Le Royaume-Uni s'apprête à connaître son septième Premier ministre en une décennie alors que Keir Starmer quitte ses fonctions, le maire de Manchester Andy Burnham étant le grand favori pour lui succéder.

Keir Starmer a annoncé sa démission de son poste de Premier ministre britannique et de chef du Parti travailliste le 22 juin 2026, mettant fin à un mandat tumultueux de deux ans et ouvrant la voie au septième dirigeant du pays en dix ans. Cette décision fait suite à des pressions internes croissantes, des résultats catastrophiques aux élections locales et une série de démissions ministérielles.

Pourquoi Starmer a chuté

Starmer est entré à Downing Street en juillet 2024 avec un large mandat électoral, remportant 411 sièges pour le Parti travailliste. Pourtant, cette victoire reposait davantage sur l'effondrement du vote conservateur que sur un programme de transformation. Son gouvernement a eu du mal à articuler un plan clair pour le pays, selon ses détracteurs, et a été frappé par une faible croissance économique, des hausses d'impôts et des coupes budgétaires qui ont aliéné à la fois les milieux d'affaires et la base travailliste. La nomination controversée de Lord Peter Mandelson comme ambassadeur américain, malgré ses liens avec le délinquant sexuel condamné Jeffrey Epstein, a encore érodé la confiance. En mai 2026, le Parti travailliste avait perdu près de 1 500 sièges de conseils locaux, et près d'un quart des députés travaillistes exigeaient le départ de Starmer.
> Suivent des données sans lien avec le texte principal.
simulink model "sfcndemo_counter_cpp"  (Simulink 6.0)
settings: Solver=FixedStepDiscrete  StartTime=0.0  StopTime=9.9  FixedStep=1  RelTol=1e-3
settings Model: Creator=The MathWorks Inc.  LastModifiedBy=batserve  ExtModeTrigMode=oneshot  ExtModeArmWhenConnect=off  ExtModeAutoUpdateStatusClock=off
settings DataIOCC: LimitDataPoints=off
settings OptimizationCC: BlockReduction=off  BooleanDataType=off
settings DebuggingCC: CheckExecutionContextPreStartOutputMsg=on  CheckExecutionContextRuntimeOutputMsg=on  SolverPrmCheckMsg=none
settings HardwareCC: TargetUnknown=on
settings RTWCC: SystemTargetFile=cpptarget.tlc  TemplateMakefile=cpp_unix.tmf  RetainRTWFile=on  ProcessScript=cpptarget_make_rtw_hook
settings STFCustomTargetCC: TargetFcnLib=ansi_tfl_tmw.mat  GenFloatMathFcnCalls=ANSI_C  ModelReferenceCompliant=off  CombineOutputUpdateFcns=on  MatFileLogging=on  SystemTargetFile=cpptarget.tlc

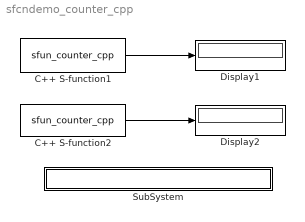
== system sfcndemo_counter_cpp ==
  C++ S-function1 : S-Function  FunctionName=sfun_counter_cpp  Parameters=1
  C++ S-function2 : S-Function  FunctionName=sfun_counter_cpp  Parameters=2
  Display1 : Display
  Display2 : Display
  SubSystem : Subsystem  PropExecContextAcrossSSBoundary=on
      settings: OpenFcn=edit(fullfile(matlabroot,'simulink','src','sfun_counter_cpp.cpp'));
      mask Display: disp('matlabroot\simulink\src\sfun_counter_cpp.cpp');
  wires:
  C++ S-function1/1 -> Display1/1
  C++ S-function2/1 -> Display2/1

== system sfcndemo_counter_cpp/SubSystem ==
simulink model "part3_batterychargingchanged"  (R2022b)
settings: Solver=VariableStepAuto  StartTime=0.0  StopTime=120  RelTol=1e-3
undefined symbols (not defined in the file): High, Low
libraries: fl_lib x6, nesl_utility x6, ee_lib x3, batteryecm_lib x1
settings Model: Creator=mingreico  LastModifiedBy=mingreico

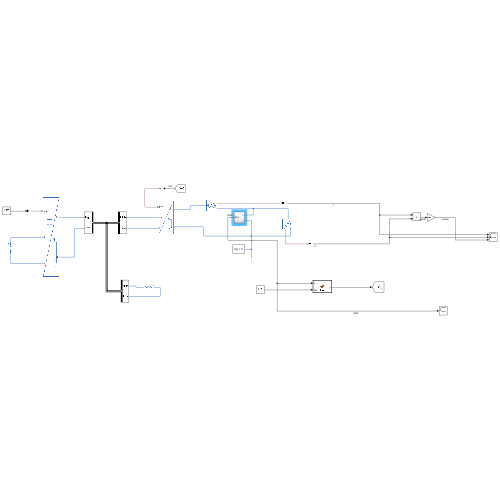
[thumbnail: Simulink's stored preview of the top-level diagram]
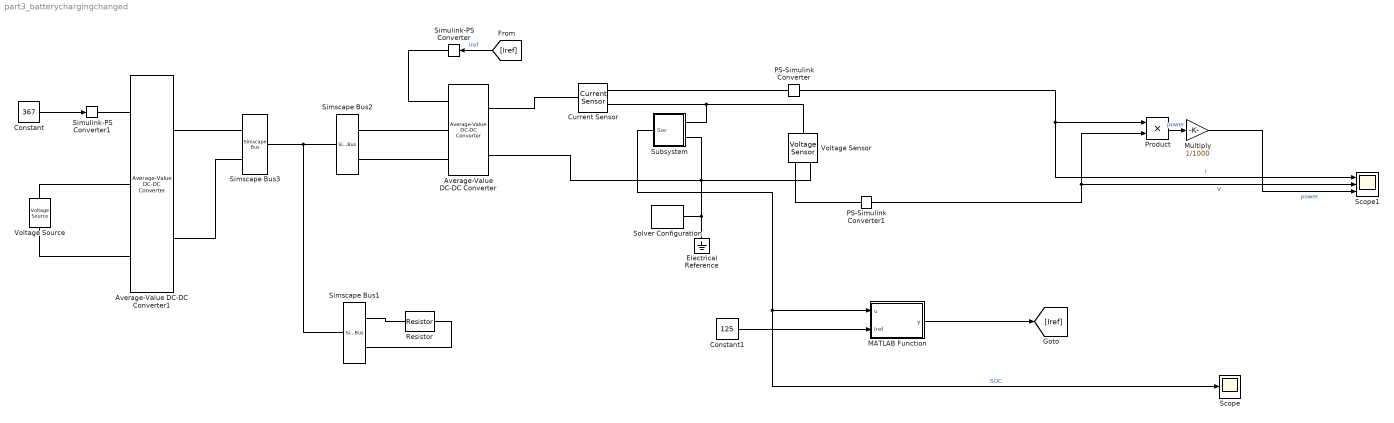
== system part3_batterychargingchanged ==
  Average-Value DC-DC Converter : ee_lib/Semiconductors & Converters/Converters/Average-Value DC-DC Converter  control_option=ee.enum.converters.controlinput.current  converter_type=ee.enum.converters.dcdctype.buckboost  efficiency_option=ee.enum.converters.efficiency.constant  efficiency_fixed=100  i_vec=[0, 2, 5] A  efficiency_vec=[90, 95, 98]
      settings: InternalSimscapePortConfiguration="{\"Bottom\":[],\"Left\":[{\"id\":\"Iref\",\"label\":\"Iref\",\"type\":\"input\"},{\"id\":\"p1\",\"label\":\"1+\",\"type\":\"foundation.electrical.electrical\"},{\"id\":\"n1\",\"label\":\"1-\",\"type\":\"foundation.electrical.electrical\"}],\"Right\":[{\"id\":\"p2\",\"label\":\"2+\",\"type\":\"foundation.electrical.electrical\"},{\"id\":\"n2\",\"label\":\"2-\",\"type\":\"foundation.electrical.electrical\"}],\"Top\":[]}"
  Average-Value DC-DC Converter1 : ee_lib/Semiconductors & Converters/Converters/Average-Value DC-DC Converter  control_option=ee.enum.converters.controlinput.voltage  converter_type=ee.enum.converters.dcdctype.buck  efficiency_option=ee.enum.converters.efficiency.constant  efficiency_fixed=100  i_vec=[0, 2, 5] A  efficiency_vec=[90, 95, 98]
      settings: InternalSimscapePortConfiguration="{\"Bottom\":[],\"Left\":[{\"id\":\"Vref\",\"label\":\"Vref\",\"type\":\"input\"},{\"id\":\"p1\",\"label\":\"1+\",\"type\":\"foundation.electrical.electrical\"},{\"id\":\"n1\",\"label\":\"1-\",\"type\":\"foundation.electrical.electrical\"}],\"Right\":[{\"id\":\"p2\",\"label\":\"2+\",\"type\":\"foundation.electrical.electrical\"},{\"id\":\"n2\",\"label\":\"2-\",\"type\":\"foundation.electrical.electrical\"}],\"Top\":[]}"
  Constant : Constant  Value=367
  Constant1 : Constant  Value=125
  Current Sensor : fl_lib/Electrical/Electrical Sensors/Current Sensor
  Electrical Reference : fl_lib/Electrical/Electrical Elements/Electrical Reference
  MATLAB Function : MATLAB Function  TreatAsAtomicUnit=on
  Multiply : Gain  Gain=1/1000
  PS-Simulink Converter : nesl_utility/PS-Simulink Converter  PhysicalDomain=network_engine_domain  SubClassName=ps_output  LeftPortType=input  RightPortType=output  PseudoPeriodic=off  Frequencies=[]  VectorFormat=inherit  Unit=inherit  AffineConversion=off
  PS-Simulink Converter1 : nesl_utility/PS-Simulink Converter  PhysicalDomain=network_engine_domain  SubClassName=ps_output  LeftPortType=input  RightPortType=output  PseudoPeriodic=off  Frequencies=[]  VectorFormat=inherit  Unit=inherit  AffineConversion=off
  Product : Product
  Resistor : fl_lib/Electrical/Electrical Elements/Resistor  R=1000 Ohm  i_specify=off  i_priority=None  i=0 A  i_nominal_specify=off  i_nominal_unit=A  i_nominal_value=1  v_specify=off  v_priority=None  v=0 V  v_nominal_specify=off  v_nominal_unit=V  v_nominal_value=1
  Scope : Scope
  Scope1 : Scope  NumInputPorts=3
  Simscape Bus1 : SimscapeBus  HierarchyStrings=High;Low
  Simscape Bus2 : SimscapeBus  HierarchyStrings=High;Low
  Simscape Bus3 : SimscapeBus  HierarchyStrings=High;Low
  Simulink-PS Converter : nesl_utility/Simulink-PS Converter  PhysicalDomain=network_engine_domain  SubClassName=ps_input  LeftPortType=input  RightPortType=output  PseudoPeriodic=off  Frequencies=[]  NoiseDistribution=none  NoiseParameters=[]  Unit=1  AffineConversion=off  FilteringAndDerivatives=provide  SimscapeFilterOrder=1  InputFilterTimeConstant=0.001  UdotUserProvided=0
  Simulink-PS Converter1 : nesl_utility/Simulink-PS Converter  PhysicalDomain=network_engine_domain  SubClassName=ps_input  LeftPortType=input  RightPortType=output  PseudoPeriodic=off  Frequencies=[]  NoiseDistribution=none  NoiseParameters=[]  Unit=1  AffineConversion=off  FilteringAndDerivatives=provide  SimscapeFilterOrder=1  InputFilterTimeConstant=0.001  UdotUserProvided=0
  Solver Configuration : nesl_utility/Solver Configuration  PhysicalDomain=network_engine_domain  SubClassName=solver  LeftPortType=input  RightPortType=generic  Tones=[]  Harmonics=[]  SimulateNoise=off  Profile=off  UseLocalSampling=off  EnableSwitchedLinearOptims=on  FrequencyDomain=off  UseCCode=off  RelTol=0.001  AbsTol=0.001  MinStep=1e-09  ToWorkspace=off  RevertToSquareIcSolve=off  NumHomotopyIterations=100  PhasorMode=off  PhasorModeNumHarmonics=1  ConsistencySolver=NEWTON_XTOL_AFTER_FTOL  IndexReductionMethod=DerivativeReplacement  DoDC=off  ResidualTolerance=1e-09  ConsistencyTolSource=GLOBAL  ConsistencyAbsTol=0.001  ConsistencyRelTol=0.001  ConsistencyTolFactor=0.001  UseLocalSolver=off  LocalSolverChoice=NE_BACKWARD_EULER_ADVANCER  ResolveIndetEquations=on  FunctionEvalNumThread=1  LocalSolverSampleTime=0.001  DoFixedCost=off  MaxNonlinIter=3  MaxModeIter=2  ComputeImpulses=off  ImpulseIterations=2  LinearAlgebra=auto  LinearAlgebraNumThread=0  EquationFormulation=NE_TIME_EF  DelaysMemoryBudget=1024  AutomaticFiltering=on  FilteringTimeConstant=0.001  PartitionStorageMethod=AS_NEEDED  PartitionMemoryBudget=1024  PartitionMethod=ROBUST
  Subsystem : Subsystem
  Voltage Sensor : fl_lib/Electrical/Electrical Sensors/Voltage Sensor
  Voltage Source : ee_lib/Sources/Voltage Source  dc_voltage=1000 V  ac_voltage=0 V  ac_shift=0 rad  ac_frequency=60 Hz  noise_mode=ee.enum.sources.noise.Disabled  PSD=0 V^2/Hz  sample_time=1e-3 s  repeatability=ee.enum.sources.repeatability.NotRepeatable  user_seed=0  auto_seed=3890346746  i_specify=off  i_priority=None  i=0 A  i_nominal_specify=off  i_nominal_unit=A  i_nominal_value=1  v_specify=off  v_priority=None  v=0 V  v_nominal_specify=off  v_nominal_unit=V  v_nominal_value=1
  wires:
  PS-Simulink Converter/1 -> Scope1/1, Product/1  "I"
  PS-Simulink Converter1/1 -> Product/2, Scope1/2  "V"
  [Iref] -> Simulink-PS Converter/1  "iref"
  MATLAB Function/1(y) -> [Iref]
  Constant/1 -> Simulink-PS Converter1/1
  Subsystem/1(Soc) -> Scope/1, MATLAB Function/1(u)  "SOC"
  Constant1/1 -> MATLAB Function/2(Iref)
  Product/1 -> Multiply/1  "power"
  Multiply/1 -> Scope1/3  "power"
  connections:
  Current Sensor/RConn2 -- Voltage Sensor/LConn1 -- Subsystem/LConn1
  Current Sensor/RConn1 -- PS-Simulink Converter/LConn1
  Voltage Sensor/RConn1 -- PS-Simulink Converter1/LConn1
  Simulink-PS Converter/RConn1 -- Average-Value DC-DC Converter/LConn1
  Voltage Source/RConn1 -- Average-Value DC-DC Converter1/LConn3
  Simulink-PS Converter1/RConn1 -- Average-Value DC-DC Converter1/LConn1
  Voltage Source/LConn1 -- Average-Value DC-DC Converter1/LConn2
  Simscape Bus3/LConn1 -- Average-Value DC-DC Converter1/RConn1
  Average-Value DC-DC Converter1/RConn2 -- Simscape Bus3/LConn2
  Simscape Bus2/RConn1 -- Simscape Bus1/RConn1 -- Simscape Bus3/RConn1
  Average-Value DC-DC Converter/LConn2 -- Simscape Bus2/LConn1
  Simscape Bus2/LConn2 -- Average-Value DC-DC Converter/LConn3
  Subsystem/LConn2 -- Voltage Sensor/RConn2 -- Average-Value DC-DC Converter/RConn2 -- Solver Configuration/RConn1 -- Electrical Reference/LConn1
  Current Sensor/LConn1 -- Average-Value DC-DC Converter/RConn1
  Resistor/LConn1 -- Simscape Bus1/LConn1
  Resistor/RConn1 -- Simscape Bus1/LConn2

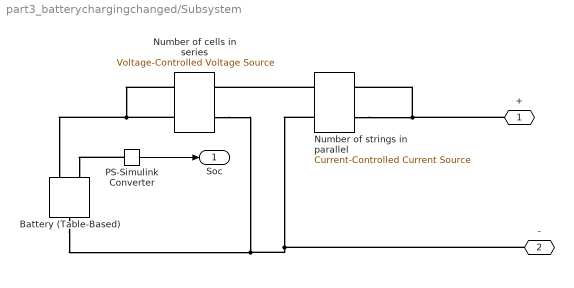
== system part3_batterychargingchanged/Subsystem ==
  Battery (Table-Based) : batteryecm_lib/Battery (Table-Based)  Tag={'toolbox/physmod/battery/shared_library/m/batteryecm_lib_parts';'Battery__Table_Based_/Panasonic/NCR18650PF.xml'}  SOC_vec=[0 0.01 0.02 0.03 0.04 0.05 0.06 0.07 0.08 0.09 0.1 0.11 0.12 0.13 0.14 0.15 0.16 0.17 0.18 0.19 0.2 0.21 0.22 0.23 0.24 0.25 0.26 0.27 0.28 0.29 0.3 0.31 0.32 0.33 0.34 0.35 0.36 0.37 0.38 0.39 0.4 0.41 0.42 0.43 0.44 0.45 0.46 0.47 0.48 0.49 0.5 0.51 0.52 0.53 0.54 0.55 0.56 0.57 0.58 0.59 0.6 0.61 0.62 0.63 0.64 0.65 0.66 0.67 0.68 0.69 0.7 0.71 0.72 0.73 0.74 0.75 0.76 0.77 0.78 0.79 0.8 0.81 0.82 0.83 0.84 0.85 0.86 0.87 0.88 0.89 0.9 0.91 0.92 0.93 0.94 0.95 0.96 0.97 0.98 0.99 1]  T_dependence=simscape.enum.tablebattery.temperature_dependence.yes  prm_dir=simscape.enum.tablebattery.prm_dir.noCurrentDirectionality  T_vec=[-10 0 25 45] degC  V0_mat=[2.80555 2.80555 2.80555 2.80555;2.85959 2.85959 2.85959 2.85959;2.91363 2.91363 2.91363 2.91363;3.00304 3.00304 3.00304 3.00304;3.0606 3.0606 3.0606 3.0606;3.09933 3.09933 3.09933 3.09933;3.12978 3.12978 3.12978 3.12978;3.18381 3.18381 3.18381 3.18381;3.23096 3.23096 3.23096 3.23096;3.26469 3.26469 3.26469 3.26469;3.2911 3.2911 3.2911 3.2911;3.31202 3.31202 3.31202 3.31202;3.33368 3.33368 3.33368 3.33368;3.35023 3.35023 3.35023 3.35023;3.3665 3.3665 3.3665 3.3665;3.38187 3.38187 3.38187 3.38187;3.39652 3.39652 3.39652 3.39652;3.40935 3.40935 3.40935 3.40935;3.42296 3.42296 3.42296 3.42296;3.43602 3.43602 3.43602 3.43602;3.4475 3.4475 3.4475 3.4475;3.45894 3.45894 3.45894 3.45894;3.46943 3.46943 3.46943 3.46943;3.47583 3.47583 3.47583 3.47583;3.48131 3.48131 3.48131 3.48131;3.48929 3.48929 3.48929 3.48929;3.49863 3.49863 3.49863 3.49863;3.50723 3.50723 3.50723 3.50723;3.51419 3.51419 3.51419 3.51419;3.52064 3.52064 3.52064 3.52064;3.52703 3.52703 3.52703 3.52703;3.53288 3.53288 3.53288 3.53288;3.5383 3.5383 3.5383 3.5383;3.54248 3.54248 3.54248 3.54248;3.54635 3.54635 3.54635 3.54635;3.55067 3.55067 3.55067 3.55067;3.55538 3.55538 3.55538 3.55538;3.56162 3.56162 3.56162 3.56162;3.56772 3.56772 3.56772 3.56772;3.57355 3.57355 3.57355 3.57355;3.57907 3.57907 3.57907 3.57907;3.58466 3.58466 3.58466 3.58466;3.59099 3.59099 3.59099 3.59099;3.59795 3.59795 3.59795 3.59795;3.60491 3.60491 3.60491 3.60491;3.61176 3.61176 3.61176 3.61176;3.61856 3.61856 3.61856 3.61856;3.62438 3.62438 3.62438 3.62438;3.62996 3.62996 3.62996 3.62996;3.63625 3.63625 3.63625 3.63625;3.64309 3.64309 3.64309 3.64309;3.64978 3.64978 3.64978 3.64978;3.65633 3.65633 3.65633 3.65633;3.66344 3.66344 3.66344 3.66344;3.67149 3.67149 3.67149 3.67149;3.67995 3.67995 3.67995 3.67995;3.68883 3.68883 3.68883 3.68883;3.69977 3.69977 3.69977 3.69977;3.7106 3.7106 3.7106 3.7106;3.72128 3.72128 3.72128 3.72128;3.72977 3.72977 3.72977 3.72977;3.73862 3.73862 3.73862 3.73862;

Keir Starmer nous a menés à une victoire que personne ne croyait possible. Il nous a tenus à l'écart de la guerre en Iran et a accompli de réels progrès en tant que Premier ministre. Il a pris la bonne décision en démissionnant de la direction du Parti travailliste.

La course à la succession

Le bénéficiaire immédiat est Andy Burnham, le maire du Grand Manchester et une figure de l'aile gauche du Parti travailliste. L'ancien secrétaire d'État à la Santé, Wes Streeting, qui avait démissionné du gouvernement et était pressenti pour se présenter, s'est retiré et a apporté son soutien à Burnham, déclarant être convaincu que Burnham pourrait construire un parti inclusif et vaincre les forces nationalistes. Aucun autre candidat ne s'est encore officiellement déclaré, ce qui laisse entrevoir la perspective d'un « sacre ». L'ancienne vice-Première ministre Angela Rayner et la ministre de l'Intérieur Shabana Mahmood sont également mentionnées comme candidates potentielles, bien que le retrait de Streeting rende le chemin de Burnham considérablement plus facile.

Keir a beaucoup apporté à notre pays et je tiens à le remercier pour son leadership, son engagement et son dévouement dans une période extrêmement difficile. Je serai candidat dans ce processus.

Réaction des marchés

Les investisseurs sont nerveux. Matthew Ryan, responsable de la stratégie de marché chez Ebury, a prévenu que le programme de gauche de Burnham, ses remarques passées selon lesquelles le Royaume-Uni ne devrait pas être otage des marchés obligataires, et le risque de règles budgétaires plus souples sous un nouveau chancelier pourraient déclencher une vente massive de la livre sterling et des gilts. La dette britannique est à son plus haut niveau par rapport au PIB depuis les années 1960, la croissance est atone et les coûts du service de la dette sont déjà énormes, ne laissant pratiquement aucune marge de manœuvre budgétaire.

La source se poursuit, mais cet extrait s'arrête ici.